* DATA SUPPLIED *

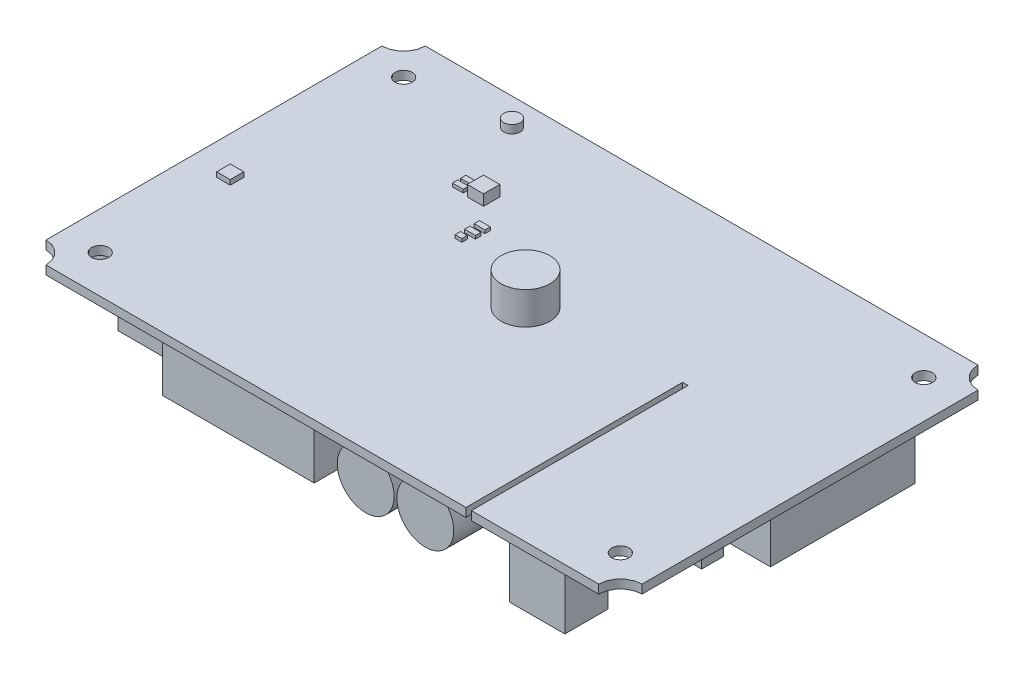
GridUp-PCB (Autodesk Fusion 360 design; units mm, degrees)
part number: 2026-09-14-08-15-55-205
Autodesk Fusion 360 part; units mm, degrees
sketch "Çizim1" plane through (0, 0, 0) normal (0, 0, 1) x (1, 0, 0)
  line L0 (0, 0) -> (110, 0)
  line L1 (110, 0) -> (110, 70)
  line L2 (110, 70) -> (0, 70)
  line L3 (0, 70) -> (0, 0)
sketch "Çizim2" plane through (0, 0, 0) normal (0, 0, 1) x (1, 0, 0)
  circle A0 centre (3.5, 3.5) radius 1.6
  circle A1 centre (106.5, 3.5) radius 1.6
  circle A2 centre (3.5, 66.5) radius 1.6
  circle A3 centre (106.5, 66.5) radius 1.6
  line L0 (81.5, -1) -> (82.5, -1)
  line L1 (82.5, -1) -> (82.5, 40)
  line L2 (82.5, 40) -> (81.5, 40)
  line L3 (81.5, 40) -> (81.5, -1)
ref_plane "WorkPlane1" through (0, 0, 1.6) normal (0, 0, 1) x (1, 0, 0)
sketch "Çizim3" plane through (0, 0, 1.6) normal (0, 0, 1) x (1, 0, 0)
  circle A0 centre (55, 37.5) radius 4.5
ref_plane "WorkPlane2" through (0, 0, 1.6) normal (0, 0, 1) x (1, 0, 0)
sketch "Çizim4" plane through (0, 0, 1.6) normal (0, 0, 1) x (1, 0, 0)
  line L0 (5.75, 29.75) -> (8.25, 29.75)
  line L1 (8.25, 29.75) -> (8.25, 32.25)
  line L2 (8.25, 32.25) -> (5.75, 32.25)
  line L3 (5.75, 32.25) -> (5.75, 29.75)
ref_plane "WorkPlane3" through (0, 0, 1.6) normal (0, 0, 1) x (1, 0, 0)
sketch "Çizim5" plane through (0, 0, 1.6) normal (0, 0, 1) x (1, 0, 0)
  circle A0 centre (25, 65) radius 1.5
ref_plane "WorkPlane4" through (0, 0, 1.6) normal (0, 0, 1) x (1, 0, 0)
sketch "Çizim6" plane through (0, 0, 1.6) normal (0, 0, 1) x (1, 0, 0)
  line L0 (37.5, 45.5) -> (39.5, 45.5)
  line L1 (39.5, 45.5) -> (39.5, 46.5)
  line L2 (39.5, 46.5) -> (37.5, 46.5)
  line L3 (37.5, 46.5) -> (37.5, 45.5)
ref_plane "WorkPlane5" through (0, 0, 1.6) normal (0, 0, 1) x (1, 0, 0)
sketch "Çizim7" plane through (0, 0, 1.6) normal (0, 0, 1) x (1, 0, 0)
  line L0 (37.5, 43.75) -> (39.5, 43.75)
  line L1 (39.5, 43.75) -> (39.5, 44.75)
  line L2 (39.5, 44.75) -> (37.5, 44.75)
  line L3 (37.5, 44.75) -> (37.5, 43.75)
ref_plane "WorkPlane6" through (0, 0, 1.6) normal (0, 0, 1) x (1, 0, 0)
sketch "Çizim8" plane through (0, 0, 1.6) normal (0, 0, 1) x (1, 0, 0)
  line L0 (37.5, 42) -> (38.75, 42)
  line L1 (38.75, 42) -> (38.75, 43)
  line L2 (38.75, 43) -> (37.5, 43)
  line L3 (37.5, 43) -> (37.5, 42)
ref_plane "WorkPlane7" through (0, 0, 1.6) normal (0, 0, 1) x (1, 0, 0)
sketch "Çizim9" plane through (0, 0, 1.6) normal (0, 0, 1) x (1, 0, 0)
  line L0 (27, 51.5) -> (29, 51.5)
  line L1 (29, 51.5) -> (29, 52.5)
  line L2 (29, 52.5) -> (27, 52.5)
  line L3 (27, 52.5) -> (27, 51.5)
ref_plane "WorkPlane8" through (0, 0, 1.6) normal (0, 0, 1) x (1, 0, 0)
sketch "Çizim10" plane through (0, 0, 1.6) normal (0, 0, 1) x (1, 0, 0)
  line L0 (27, 50) -> (29, 50)
  line L1 (29, 50) -> (29, 51)
  line L2 (29, 51) -> (27, 51)
  line L3 (27, 51) -> (27, 50)
ref_plane "WorkPlane9" through (0, 0, 1.6) normal (0, 0, 1) x (1, 0, 0)
sketch "Çizim11" plane through (0, 0, 1.6) normal (0, 0, 1) x (1, 0, 0)
  line L0 (30, 49.75) -> (33, 49.75)
  line L1 (33, 49.75) -> (33, 52.75)
  line L2 (33, 52.75) -> (30, 52.75)
  line L3 (30, 52.75) -> (30, 49.75)
ref_plane "WorkPlane10" through (0, 0, 0) normal (0, 0, 1) x (1, 0, 0)
sketch "Çizim12" plane through (0, 0, 0) normal (0, 0, 1) x (1, 0, 0)
  line L0 (6, 44.8) -> (24, 44.8)
  line L1 (24, 44.8) -> (24, 64)
  line L2 (24, 64) -> (6, 64)
  line L3 (6, 64) -> (6, 44.8)
ref_plane "WorkPlane11" through (0, 0, 0) normal (0, 0, 1) x (1, 0, 0)
sketch "Çizim13" plane through (0, 0, 0) normal (0, 0, 1) x (1, 0, 0)
  line L0 (66, 43.75) -> (99.8, 43.75)
  line L1 (99.8, 43.75) -> (99.8, 64.05)
  line L2 (99.8, 64.05) -> (66, 64.05)
  line L3 (66, 64.05) -> (66, 43.75)
ref_plane "WorkPlane12" through (0, 0, 0) normal (0, 0, 1) x (1, 0, 0)
sketch "Çizim14" plane through (0, 0, 0) normal (0, 0, 1) x (1, 0, 0)
  line L0 (88, 22.25) -> (94.1, 22.25)
  line L1 (94.1, 22.25) -> (94.1, 25)
  line L2 (94.1, 25) -> (88, 25)
  line L3 (88, 25) -> (88, 22.25)
ref_plane "WorkPlane13" through (0, 0, 0) normal (0, 0, 1) x (1, 0, 0)
sketch "Çizim15" plane through (0, 0, 0) normal (0, 0, 1) x (1, 0, 0)
  line L0 (96.5, 21.5) -> (103.5, 21.5)
  line L1 (103.5, 21.5) -> (103.5, 25.5)
  line L2 (103.5, 25.5) -> (96.5, 25.5)
  line L3 (96.5, 25.5) -> (96.5, 21.5)
ref_plane "WorkPlane14" through (0, 0, 0) normal (0, 0, 1) x (1, 0, 0)
sketch "Çizim16" plane through (0, 0, 0) normal (0, 0, 1) x (1, 0, 0)
  line L0 (92, 0.5) -> (102.25, 0.5)
  line L1 (102.25, 0.5) -> (102.25, 8.5)
  line L2 (102.25, 8.5) -> (92, 8.5)
  line L3 (92, 8.5) -> (92, 0.5)
ref_plane "WorkPlane15" through (0, 0, 0) normal (0, 0, 1) x (1, 0, 0)
sketch "Çizim17" plane through (0, 0, 0) normal (0, 0, 1) x (1, 0, 0)
  line L0 (70, 35) -> (76.5, 35)
  line L1 (76.5, 35) -> (76.5, 42)
  line L2 (76.5, 42) -> (70, 42)
  line L3 (70, 42) -> (70, 35)
ref_plane "WorkPlane16" through (0, 0, 0) normal (0, 0, 1) x (1, 0, 0)
sketch "Çizim18" plane through (0, 0, 0) normal (0, 0, 1) x (1, 0, 0)
  line L0 (76.75, 39.1) -> (81, 39.1)
  line L1 (81, 39.1) -> (81, 41.75)
  line L2 (81, 41.75) -> (76.75, 41.75)
  line L3 (76.75, 41.75) -> (76.75, 39.1)
ref_plane "WorkPlane17" through (0, 0, 0) normal (0, 0, 1) x (1, 0, 0)
sketch "Çizim19" plane through (0, 0, 0) normal (0, 0, 1) x (1, 0, 0)
  line L0 (76.75, 35.1) -> (81, 35.1)
  line L1 (81, 35.1) -> (81, 37.75)
  line L2 (81, 37.75) -> (76.75, 37.75)
  line L3 (76.75, 37.75) -> (76.75, 35.1)
ref_plane "WorkPlane18" through (0, 0, 0) normal (0, 0, 1) x (1, 0, 0)
sketch "Çizim20" plane through (0, 0, 0) normal (0, 0, 1) x (1, 0, 0)
  line L0 (75, 44.5) -> (77, 44.5)
  line L1 (77, 44.5) -> (77, 45.5)
  line L2 (77, 45.5) -> (75, 45.5)
  line L3 (75, 45.5) -> (75, 44.5)
ref_plane "WorkPlane19" through (0, 0, 0) normal (0, 0, 1) x (1, 0, 0)
sketch "Çizim21" plane through (0, 0, 0) normal (0, 0, 1) x (1, 0, 0)
  line L0 (75, 29.5) -> (77, 29.5)
  line L1 (77, 29.5) -> (77, 30.5)
  line L2 (77, 30.5) -> (75, 30.5)
  line L3 (75, 30.5) -> (75, 29.5)
ref_plane "WorkPlane20" through (0, 0, 0) normal (0, 0, 1) x (1, 0, 0)
sketch "Çizim22" plane through (0, 0, 0) normal (0, 0, 1) x (1, 0, 0)
  line L0 (75, 28) -> (77, 28)
  line L1 (77, 28) -> (77, 29)
  line L2 (77, 29) -> (75, 29)
  line L3 (75, 29) -> (75, 28)
ref_plane "WorkPlane21" through (0, 13.75, 0) normal (0, 1, 0) x (0, 0, 1)
sketch "Çizim23" plane through (0, 13.75, 0) normal (0, 1, 0) x (1, 0, 0)
  circle A0 centre (65.75, 10.75) radius 10.75
ref_plane "WorkPlane22" through (0, 0, 0) normal (0, 0, 1) x (1, 0, 0)
sketch "Çizim24" plane through (0, 0, 0) normal (0, 0, 1) x (1, 0, 0)
  line L0 (41.25, 14) -> (46.25, 14)
  line L1 (46.25, 14) -> (46.25, 20)
  line L2 (46.25, 20) -> (41.25, 20)
  line L3 (41.25, 20) -> (41.25, 14)
ref_plane "WorkPlane23" through (0, 0, 0) normal (0, 0, 1) x (1, 0, 0)
sketch "Çizim25" plane through (0, 0, 0) normal (0, 0, 1) x (1, 0, 0)
  line L0 (47.5, 15) -> (48.5, 15)
  line L1 (48.5, 15) -> (48.5, 17)
  line L2 (48.5, 17) -> (47.5, 17)
  line L3 (47.5, 17) -> (47.5, 15)
ref_plane "WorkPlane24" through (0, 0, 0) normal (0, 0, 1) x (1, 0, 0)
sketch "Çizim26" plane through (0, 0, 0) normal (0, 0, 1) x (1, 0, 0)
  line L0 (1, 6.25) -> (9, 6.25)
  line L1 (9, 6.25) -> (9, 21.5)
  line L2 (9, 21.5) -> (1, 21.5)
  line L3 (1, 21.5) -> (1, 6.25)
ref_plane "WorkPlane25" through (0, 0, 0) normal (0, 0, 1) x (1, 0, 0)
sketch "Çizim27" plane through (0, 0, 0) normal (0, 0, 1) x (1, 0, 0)
  line L0 (25, 14) -> (27, 14)
  line L1 (27, 14) -> (27, 15)
  line L2 (27, 15) -> (25, 15)
  line L3 (25, 15) -> (25, 14)
ref_plane "WorkPlane26" through (0, 0, 0) normal (0, 0, 1) x (1, 0, 0)
sketch "Çizim28" plane through (0, 0, 0) normal (0, 0, 1) x (1, 0, 0)
  line L0 (28, 14) -> (30, 14)
  line L1 (30, 14) -> (30, 15)
  line L2 (30, 15) -> (28, 15)
  line L3 (28, 15) -> (28, 14)
ref_plane "WorkPlane27" through (0, 0, 0) normal (0, 0, 1) x (1, 0, 0)
sketch "Çizim29" plane through (0, 0, 0) normal (0, 0, 1) x (1, 0, 0)
  line L0 (31, 14) -> (33, 14)
  line L1 (33, 14) -> (33, 15)
  line L2 (33, 15) -> (31, 15)
  line L3 (31, 15) -> (31, 14)
ref_plane "WorkPlane28" through (0, 0, 0) normal (0, 0, 1) x (1, 0, 0)
sketch "Çizim30" plane through (0, 0, 0) normal (0, 0, 1) x (1, 0, 0)
  line L0 (34, 14) -> (36, 14)
  line L1 (36, 14) -> (36, 15)
  line L2 (36, 15) -> (34, 15)
  line L3 (34, 15) -> (34, 14)
ref_plane "WorkPlane29" through (0, 0, 0) normal (0, 0, 1) x (1, 0, 0)
sketch "Çizim31" plane through (0, 0, 0) normal (0, 0, 1) x (1, 0, 0)
  line L0 (37, 13) -> (39, 13)
  line L1 (39, 13) -> (39, 15)
  line L2 (39, 15) -> (37, 15)
  line L3 (37, 15) -> (37, 13)
ref_plane "WorkPlane30" through (0, 0, 0) normal (0, 0, 1) x (1, 0, 0)
sketch "Çizim32" plane through (0, 0, 0) normal (0, 0, 1) x (1, 0, 0)
  line L0 (25, 0.5) -> (53, 0.5)
  line L1 (53, 0.5) -> (53, 7.5)
  line L2 (53, 7.5) -> (25, 7.5)
  line L3 (25, 7.5) -> (25, 0.5)
ref_plane "WorkPlane31" through (0, 0, 0) normal (0, 0, 1) x (1, 0, 0)
sketch "Çizim33" plane through (0, 0, 0) normal (0, 0, 1) x (1, 0, 0)
  line L0 (11, 6.25) -> (24, 6.25)
  line L1 (24, 6.25) -> (24, 11.25)
  line L2 (24, 11.25) -> (11, 11.25)
  line L3 (11, 11.25) -> (11, 6.25)
sketch "Çizim34" plane through (0, 0, 0) normal (0, 0, 1) x (1, 0, 0)
  line L0 (0, 0) -> (110, 0)
  line L1 (110, 0) -> (110, 70)
  line L2 (110, 70) -> (0, 70)
  line L3 (0, 70) -> (0, 0)
sketch "Çizim35" plane through (0, 0, 0) normal (0, 0, 1) x (1, 0, 0)
  circle A0 centre (7, 7) radius 1.6
  circle A1 centre (103, 7) radius 1.6
  circle A2 centre (7, 63) radius 1.6
  circle A3 centre (103, 63) radius 1.6
  line L0 (81.5, -1) -> (82.5, -1)
  line L1 (82.5, -1) -> (82.5, 40)
  line L2 (82.5, 40) -> (81.5, 40)
  line L3 (81.5, 40) -> (81.5, -1)
  circle A4 centre (0, 0) radius 4
  circle A5 centre (110, 0) radius 4
  circle A6 centre (0, 70) radius 4
  circle A7 centre (110, 70) radius 4
ref_plane "WorkPlane32" through (0, 0, 1.6) normal (0, 0, 1) x (1, 0, 0)
sketch "Çizim36" plane through (0, 0, 1.6) normal (0, 0, 1) x (1, 0, 0)
  circle A0 centre (55, 37.5) radius 4.5
ref_plane "WorkPlane33" through (0, 0, 1.6) normal (0, 0, 1) x (1, 0, 0)
sketch "Çizim37" plane through (0, 0, 1.6) normal (0, 0, 1) x (1, 0, 0)
  line L0 (5.75, 29.75) -> (8.25, 29.75)
  line L1 (8.25, 29.75) -> (8.25, 32.25)
  line L2 (8.25, 32.25) -> (5.75, 32.25)
  line L3 (5.75, 32.25) -> (5.75, 29.75)
ref_plane "WorkPlane34" through (0, 0, 1.6) normal (0, 0, 1) x (1, 0, 0)
sketch "Çizim38" plane through (0, 0, 1.6) normal (0, 0, 1) x (1, 0, 0)
  circle A0 centre (25, 65) radius 1.5
ref_plane "WorkPlane35" through (0, 0, 1.6) normal (0, 0, 1) x (1, 0, 0)
sketch "Çizim39" plane through (0, 0, 1.6) normal (0, 0, 1) x (1, 0, 0)
  line L0 (37.5, 45.5) -> (39.5, 45.5)
  line L1 (39.5, 45.5) -> (39.5, 46.5)
  line L2 (39.5, 46.5) -> (37.5, 46.5)
  line L3 (37.5, 46.5) -> (37.5, 45.5)
ref_plane "WorkPlane36" through (0, 0, 1.6) normal (0, 0, 1) x (1, 0, 0)
sketch "Çizim40" plane through (0, 0, 1.6) normal (0, 0, 1) x (1, 0, 0)
  line L0 (37.5, 43.75) -> (39.5, 43.75)
  line L1 (39.5, 43.75) -> (39.5, 44.75)
  line L2 (39.5, 44.75) -> (37.5, 44.75)
  line L3 (37.5, 44.75) -> (37.5, 43.75)
ref_plane "WorkPlane37" through (0, 0, 1.6) normal (0, 0, 1) x (1, 0, 0)
sketch "Çizim41" plane through (0, 0, 1.6) normal (0, 0, 1) x (1, 0, 0)
  line L0 (37.5, 42) -> (38.75, 42)
  line L1 (38.75, 42) -> (38.75, 43)
  line L2 (38.75, 43) -> (37.5, 43)
  line L3 (37.5, 43) -> (37.5, 42)
ref_plane "WorkPlane38" through (0, 0, 1.6) normal (0, 0, 1) x (1, 0, 0)
sketch "Çizim42" plane through (0, 0, 1.6) normal (0, 0, 1) x (1, 0, 0)
  line L0 (29, 51.5) -> (31, 51.5)
  line L1 (31, 51.5) -> (31, 52.5)
  line L2 (31, 52.5) -> (29, 52.5)
  line L3 (29, 52.5) -> (29, 51.5)
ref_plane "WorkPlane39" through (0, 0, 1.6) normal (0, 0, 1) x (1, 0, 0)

* DIRECTIONS *
The expected answer is an exact copy of the lines above, beginning at the line with "line L2 (48.5, 17) -> (47.5, 17)" and ending at the line with "line L2 (30, 15) -> (28, 15)", with both ends in.

* RESULT *
  line L2 (48.5, 17) -> (47.5, 17)
  line L3 (47.5, 17) -> (47.5, 15)
ref_plane "WorkPlane24" through (0, 0, 0) normal (0, 0, 1) x (1, 0, 0)
sketch "Çizim26" plane through (0, 0, 0) normal (0, 0, 1) x (1, 0, 0)
  line L0 (1, 6.25) -> (9, 6.25)
  line L1 (9, 6.25) -> (9, 21.5)
  line L2 (9, 21.5) -> (1, 21.5)
  line L3 (1, 21.5) -> (1, 6.25)
ref_plane "WorkPlane25" through (0, 0, 0) normal (0, 0, 1) x (1, 0, 0)
sketch "Çizim27" plane through (0, 0, 0) normal (0, 0, 1) x (1, 0, 0)
  line L0 (25, 14) -> (27, 14)
  line L1 (27, 14) -> (27, 15)
  line L2 (27, 15) -> (25, 15)
  line L3 (25, 15) -> (25, 14)
ref_plane "WorkPlane26" through (0, 0, 0) normal (0, 0, 1) x (1, 0, 0)
sketch "Çizim28" plane through (0, 0, 0) normal (0, 0, 1) x (1, 0, 0)
  line L0 (28, 14) -> (30, 14)
  line L1 (30, 14) -> (30, 15)
  line L2 (30, 15) -> (28, 15)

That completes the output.